Se o professor de literatura não for capaz de estabelecer um vínculo entre aluno, obra e autor, as aulas, acreditem, serão medíocres e desestimulantes.

Antonio José Fontinele


Aula de Literatura: enquanto alheamento do espírito, reflexão.

Antes de começar a digitar, vieram-me à lembrança grandes escritores que convivem comigo desde o dia em que descobri na leitura a mais perfeita de todas as fugas. Compreendam: ler é ao mesmo tempo abandonar a mediocridade de todas as coisas e sentir na pele e na alma o quão medíocre somos os homens. E não poderia deixar de ser assim. Uma crônica literária. Metalinguagem pura. Intertextualidade do princípio ao fim.

Minha primeira (intensa) experiência literária aconteceu por volta dos doze anos de idade. Epifania. A biblioteca do SESC era o meu passeio de todos os dias. Assis Brasil. Fontes Ibiapina. Graciliano Ramos. Carlos Drummond de Andrade. Gabriel Garcia Marques. Mário Vargas Losa. O Inconfundível Machado de Assis. Devo a eles a minha paixão pela palavra e a minha embriaguez (ah, estados alterados de consciência!). Devo a eles personagens, enredos e versos que fizeram de mim professor de literatura. A minha missão: divulgá-los. A minha missão: desmitificá-los. A minha missão: arrancar a máscara de velhos chatos imposta por professores velhos e chatos (quanta crueldade com os meus escritores!). A minha missão: fazer do cotidiano instrumento de compreensão da realidade. Mimese. Não importa onde moro. Não importa quem eu (penso que) sou. Quantos Romeus não estarão assistindo às minhas aulas. Quantas Capitus não estarão agora mesmo lendo este desabafo. Quantos Riobaldos não estarão confusos porque não compreendem ou aceitam sentimentos tão profundos. Quantas frustrações ou conquistas não se confundem no instante em que uma página é vencida. Catarse.

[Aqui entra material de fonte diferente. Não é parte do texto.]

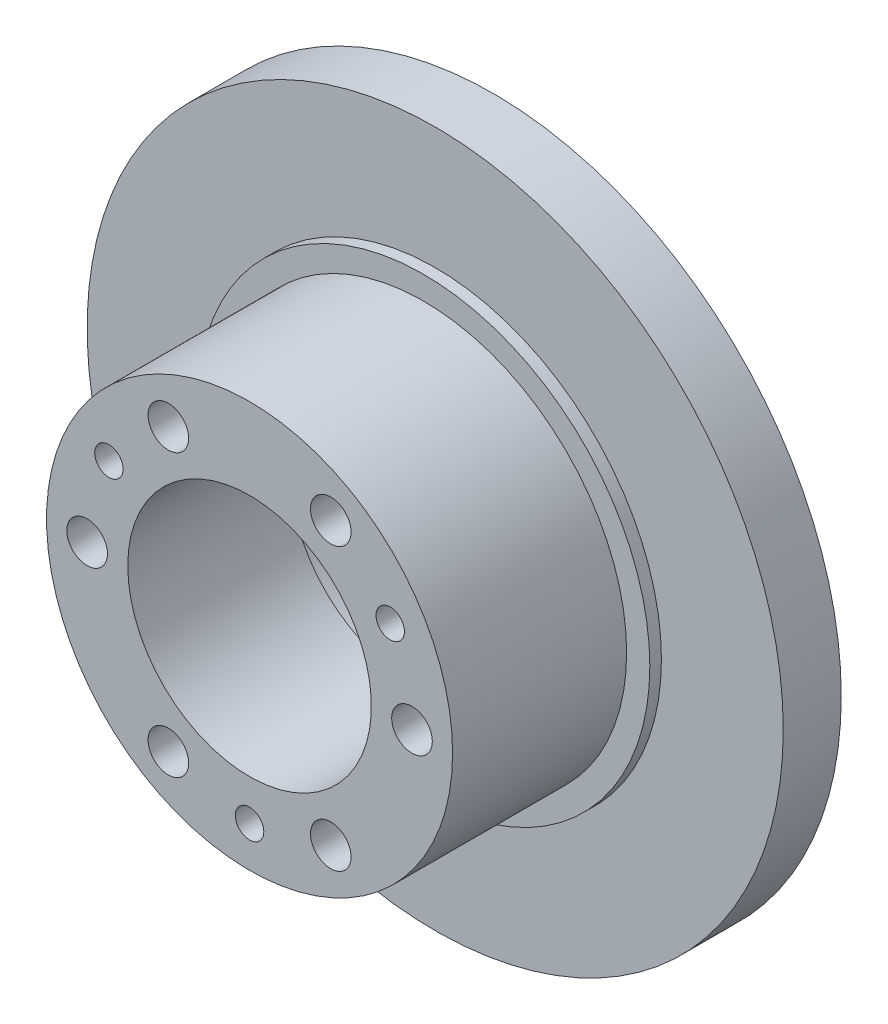
ISO-10303-21;
HEADER;
FILE_DESCRIPTION(('STEP AP214'),'2;1');
FILE_NAME('part.step','',(''),(''),'','','');
FILE_SCHEMA(('AUTOMOTIVE_DESIGN { 1 0 10303 214 1 1 1 1 }'));
ENDSEC;
DATA;
#1=APPLICATION_CONTEXT('core data for automotive mechanical design processes');
#2=APPLICATION_PROTOCOL_DEFINITION('international standard','automotive_design',2000,#1);
#3=PRODUCT_CONTEXT('',#1,'mechanical');
#4=PRODUCT('Part','Part','',(#3));
#5=PRODUCT_RELATED_PRODUCT_CATEGORY('part','',(#4));
#6=PRODUCT_DEFINITION_FORMATION('','',#4);
#7=PRODUCT_DEFINITION_CONTEXT('part definition',#1,'design');
#8=PRODUCT_DEFINITION('design','',#6,#7);
#9=PRODUCT_DEFINITION_SHAPE('','',#8);
#10=(LENGTH_UNIT() NAMED_UNIT(*) SI_UNIT(.MILLI.,.METRE.));
#11=(NAMED_UNIT(*) PLANE_ANGLE_UNIT() SI_UNIT($,.RADIAN.));
#12=(NAMED_UNIT(*) SI_UNIT($,.STERADIAN.) SOLID_ANGLE_UNIT());
#13=UNCERTAINTY_MEASURE_WITH_UNIT(LENGTH_MEASURE(1.E-05),#10,'distance_accuracy_value','');
#14=(GEOMETRIC_REPRESENTATION_CONTEXT(3) GLOBAL_UNCERTAINTY_ASSIGNED_CONTEXT((#13)) GLOBAL_UNIT_ASSIGNED_CONTEXT((#10,
#11,#12)) REPRESENTATION_CONTEXT('',''));
#15=CARTESIAN_POINT('',(0.,0.,0.));
#16=DIRECTION('',(0.,0.,1.));
#17=DIRECTION('',(1.,0.,0.));
#18=AXIS2_PLACEMENT_3D('',#15,#16,#17);
#19=CARTESIAN_POINT('',(0.,0.,5.));
#20=DIRECTION('',(0.,0.,-1.));
#21=DIRECTION('',(-1.,0.,0.));
#22=AXIS2_PLACEMENT_3D('',#19,#20,#21);
#23=CYLINDRICAL_SURFACE('',#22,30.);
#24=CARTESIAN_POINT('',(0.,0.,5.));
#25=DIRECTION('',(0.,0.,1.));
#26=DIRECTION('',(1.,0.,0.));
#27=AXIS2_PLACEMENT_3D('',#24,#25,#26);
#28=CIRCLE('',#27,30.);
#29=CARTESIAN_POINT('',(30.,0.,5.));
#30=VERTEX_POINT('',#29);
#31=EDGE_CURVE('E47',#30,#30,#28,.T.);
#32=ORIENTED_EDGE('',*,*,#31,.F.);
#33=EDGE_LOOP('',(#32));
#34=FACE_BOUND('',#33,.T.);
#35=CARTESIAN_POINT('',(0.,0.,0.));
#36=DIRECTION('',(0.,0.,1.));
#37=DIRECTION('',(1.,0.,0.));
#38=AXIS2_PLACEMENT_3D('',#35,#36,#37);
#39=CIRCLE('',#38,30.);
#40=CARTESIAN_POINT('',(30.,0.,0.));
#41=VERTEX_POINT('',#40);
#42=EDGE_CURVE('E55',#41,#41,#39,.T.);
#43=ORIENTED_EDGE('',*,*,#42,.T.);
#44=EDGE_LOOP('',(#43));
#45=FACE_BOUND('',#44,.T.);
#46=ADVANCED_FACE('F35',(#34,#45),#23,.T.);
#47=CARTESIAN_POINT('',(0.,0.,5.));
#48=DIRECTION('',(0.,0.,1.));
#49=DIRECTION('',(1.,0.,0.));
#50=AXIS2_PLACEMENT_3D('',#47,#48,#49);
#51=PLANE('',#50);
#52=CARTESIAN_POINT('',(0.,0.,5.));
#53=DIRECTION('',(0.,0.,1.));
#54=DIRECTION('',(1.,0.,0.));
#55=AXIS2_PLACEMENT_3D('',#52,#53,#54);
#56=CIRCLE('',#55,19.5);
#57=CARTESIAN_POINT('',(19.5,0.,5.));
#58=VERTEX_POINT('',#57);
#59=EDGE_CURVE('E42',#58,#58,#56,.T.);
#60=ORIENTED_EDGE('',*,*,#59,.F.);
#61=EDGE_LOOP('',(#60));
#62=FACE_BOUND('',#61,.T.);
#63=ORIENTED_EDGE('',*,*,#31,.T.);
#64=EDGE_LOOP('',(#63));
#65=FACE_BOUND('',#64,.T.);
#66=ADVANCED_FACE('F102',(#62,#65),#51,.T.);
#67=CARTESIAN_POINT('',(0.,0.,0.));
#68=DIRECTION('',(0.,0.,1.));
#69=DIRECTION('',(1.,0.,0.));
#70=AXIS2_PLACEMENT_3D('',#67,#68,#69);
#71=PLANE('',#70);
#72=CARTESIAN_POINT('',(24.5,0.,0.));
#73=DIRECTION('',(0.,0.,1.));
#74=DIRECTION('',(1.,0.,0.));
#75=AXIS2_PLACEMENT_3D('',#72,#73,#74);
#76=CIRCLE('',#75,2.);
#77=CARTESIAN_POINT('',(26.5,0.,0.));
#78=VERTEX_POINT('',#77);
#79=EDGE_CURVE('E38',#78,#78,#76,.F.);
#80=ORIENTED_EDGE('',*,*,#79,.F.);
#81=EDGE_LOOP('',(#80));
#82=FACE_BOUND('',#81,.T.);
#83=CARTESIAN_POINT('',(12.2500000000002,21.2176223927186,0.));
#84=DIRECTION('',(0.,0.,1.));
#85=DIRECTION('',(1.,0.,0.));
#86=AXIS2_PLACEMENT_3D('',#83,#84,#85);
#87=CIRCLE('',#86,2.);
#88=CARTESIAN_POINT('',(14.2500000000002,21.2176223927186,0.));
#89=VERTEX_POINT('',#88);
#90=EDGE_CURVE('E73',#89,#89,#87,.F.);
#91=ORIENTED_EDGE('',*,*,#90,.F.);
#92=EDGE_LOOP('',(#91));
#93=FACE_BOUND('',#92,.T.);
#94=CARTESIAN_POINT('',(-12.2499999999998,21.2176223927189,0.));
#95=DIRECTION('',(0.,0.,1.));
#96=DIRECTION('',(1.,0.,0.));
#97=AXIS2_PLACEMENT_3D('',#94,#95,#96);
#98=CIRCLE('',#97,2.);
#99=CARTESIAN_POINT('',(-10.2499999999998,21.2176223927189,0.));
#100=VERTEX_POINT('',#99);
#101=EDGE_CURVE('E71',#100,#100,#98,.F.);
#102=ORIENTED_EDGE('',*,*,#101,.F.);
#103=EDGE_LOOP('',(#102));
#104=FACE_BOUND('',#103,.T.);
#105=CARTESIAN_POINT('',(-24.5,1.71082585603314E-13,0.));
#106=DIRECTION('',(0.,0.,1.));
#107=DIRECTION('',(1.,0.,0.));
#108=AXIS2_PLACEMENT_3D('',#105,#106,#107);
#109=CIRCLE('',#108,2.);
#110=CARTESIAN_POINT('',(-22.5,1.71082585603314E-13,0.));
#111=VERTEX_POINT('',#110);
#112=EDGE_CURVE('E68',#111,#111,#109,.F.);
#113=ORIENTED_EDGE('',*,*,#112,.F.);
#114=EDGE_LOOP('',(#113));
#115=FACE_BOUND('',#114,.T.);
#116=CARTESIAN_POINT('',(-12.2500000000001,-21.2176223927187,0.));
#117=DIRECTION('',(0.,0.,1.));
#118=DIRECTION('',(1.,0.,0.));
#119=AXIS2_PLACEMENT_3D('',#116,#117,#118);
#120=CIRCLE('',#119,2.);
#121=CARTESIAN_POINT('',(-10.2500000000001,-21.2176223927187,0.));
#122=VERTEX_POINT('',#121);
#123=EDGE_CURVE('E64',#122,#122,#120,.F.);
#124=ORIENTED_EDGE('',*,*,#123,.F.);
#125=EDGE_LOOP('',(#124));
#126=FACE_BOUND('',#125,.T.);
#127=CARTESIAN_POINT('',(12.25,-21.2176223927188,0.));
#128=DIRECTION('',(0.,0.,1.));
#129=DIRECTION('',(1.,0.,0.));
#130=AXIS2_PLACEMENT_3D('',#127,#128,#129);
#131=CIRCLE('',#130,2.);
#132=CARTESIAN_POINT('',(14.25,-21.2176223927188,0.));
#133=VERTEX_POINT('',#132);
#134=EDGE_CURVE('E61',#133,#133,#131,.F.);
#135=ORIENTED_EDGE('',*,*,#134,.F.);
#136=EDGE_LOOP('',(#135));
#137=FACE_BOUND('',#136,.T.);
#138=CARTESIAN_POINT('',(0.,0.,0.));
#139=DIRECTION('',(0.,0.,-1.));
#140=DIRECTION('',(-1.,0.,0.));
#141=AXIS2_PLACEMENT_3D('',#138,#139,#140);
#142=CIRCLE('',#141,12.025);
#143=CARTESIAN_POINT('',(-12.025,0.,0.));
#144=VERTEX_POINT('',#143);
#145=EDGE_CURVE('E87',#144,#144,#142,.T.);
#146=ORIENTED_EDGE('',*,*,#145,.F.);
#147=EDGE_LOOP('',(#146));
#148=FACE_BOUND('',#147,.T.);
#149=ORIENTED_EDGE('',*,*,#42,.F.);
#150=EDGE_LOOP('',(#149));
#151=FACE_BOUND('',#150,.T.);
#152=ADVANCED_FACE('F98',(#82,#93,#104,#115,#126,#137,#148,#151),#71,.F.);
#153=CARTESIAN_POINT('',(0.,0.,6.));
#154=DIRECTION('',(0.,0.,-1.));
#155=DIRECTION('',(-1.,0.,0.));
#156=AXIS2_PLACEMENT_3D('',#153,#154,#155);
#157=CYLINDRICAL_SURFACE('',#156,19.5);
#158=CARTESIAN_POINT('',(0.,0.,6.));
#159=DIRECTION('',(0.,0.,1.));
#160=DIRECTION('',(1.,0.,0.));
#161=AXIS2_PLACEMENT_3D('',#158,#159,#160);
#162=CIRCLE('',#161,19.5);
#163=CARTESIAN_POINT('',(19.5,0.,6.));
#164=VERTEX_POINT('',#163);
#165=EDGE_CURVE('E53',#164,#164,#162,.T.);
#166=ORIENTED_EDGE('',*,*,#165,.F.);
#167=EDGE_LOOP('',(#166));
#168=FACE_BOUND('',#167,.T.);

Professor, o que quer dizer epifania? Leia Clarice Lispector.

E Mimese, significa o quê? Aristóteles.

Catarse já é molecagem, professor. Satisfação.

Edgar Allan Poe, em suas Histórias Extraordinárias, conta-nos a aventura de um homem que sofria de catalepsia (caracterizada por extrema rigidez muscular). Ou seja, o indivíduo ao desmaiar mais parece que morreu. Ora, se no conto de Poe, uma sepultura é metodicamente construída para que o homem não seja enterrado por engano, aqui mesmo em Parnaíba, litoral do Piauí, no bairro São José, o defunto sentou no caixão durante o velório. Dizem que não ficou um vivente. Nem os parentes do Lázaro. Já Fontes Ibiapina, em seu Palha de Arroz, nos apresenta a louca Genoveva (Peixe Podre). Casada com Pau de Fumo, a mulher enlouquece após a morte da filha. Disso eu sei. Mas não sei (eu que vivi no Bairro Nova Parnaíba) quem era de fato Tia Laura. Muito menos conheço a história do Papagaio do Cu Pelado. Por que este senhor usava algodões enfiados no nariz? Por que aquela mulher tão pequenina ficava irritada quando gritávamos Tia Laura, cadê o bode? E, finalmente, como desvendar os mistérios do Porto das Barcas sem ter lido Beira Rio, Beira Vida? Então. Então.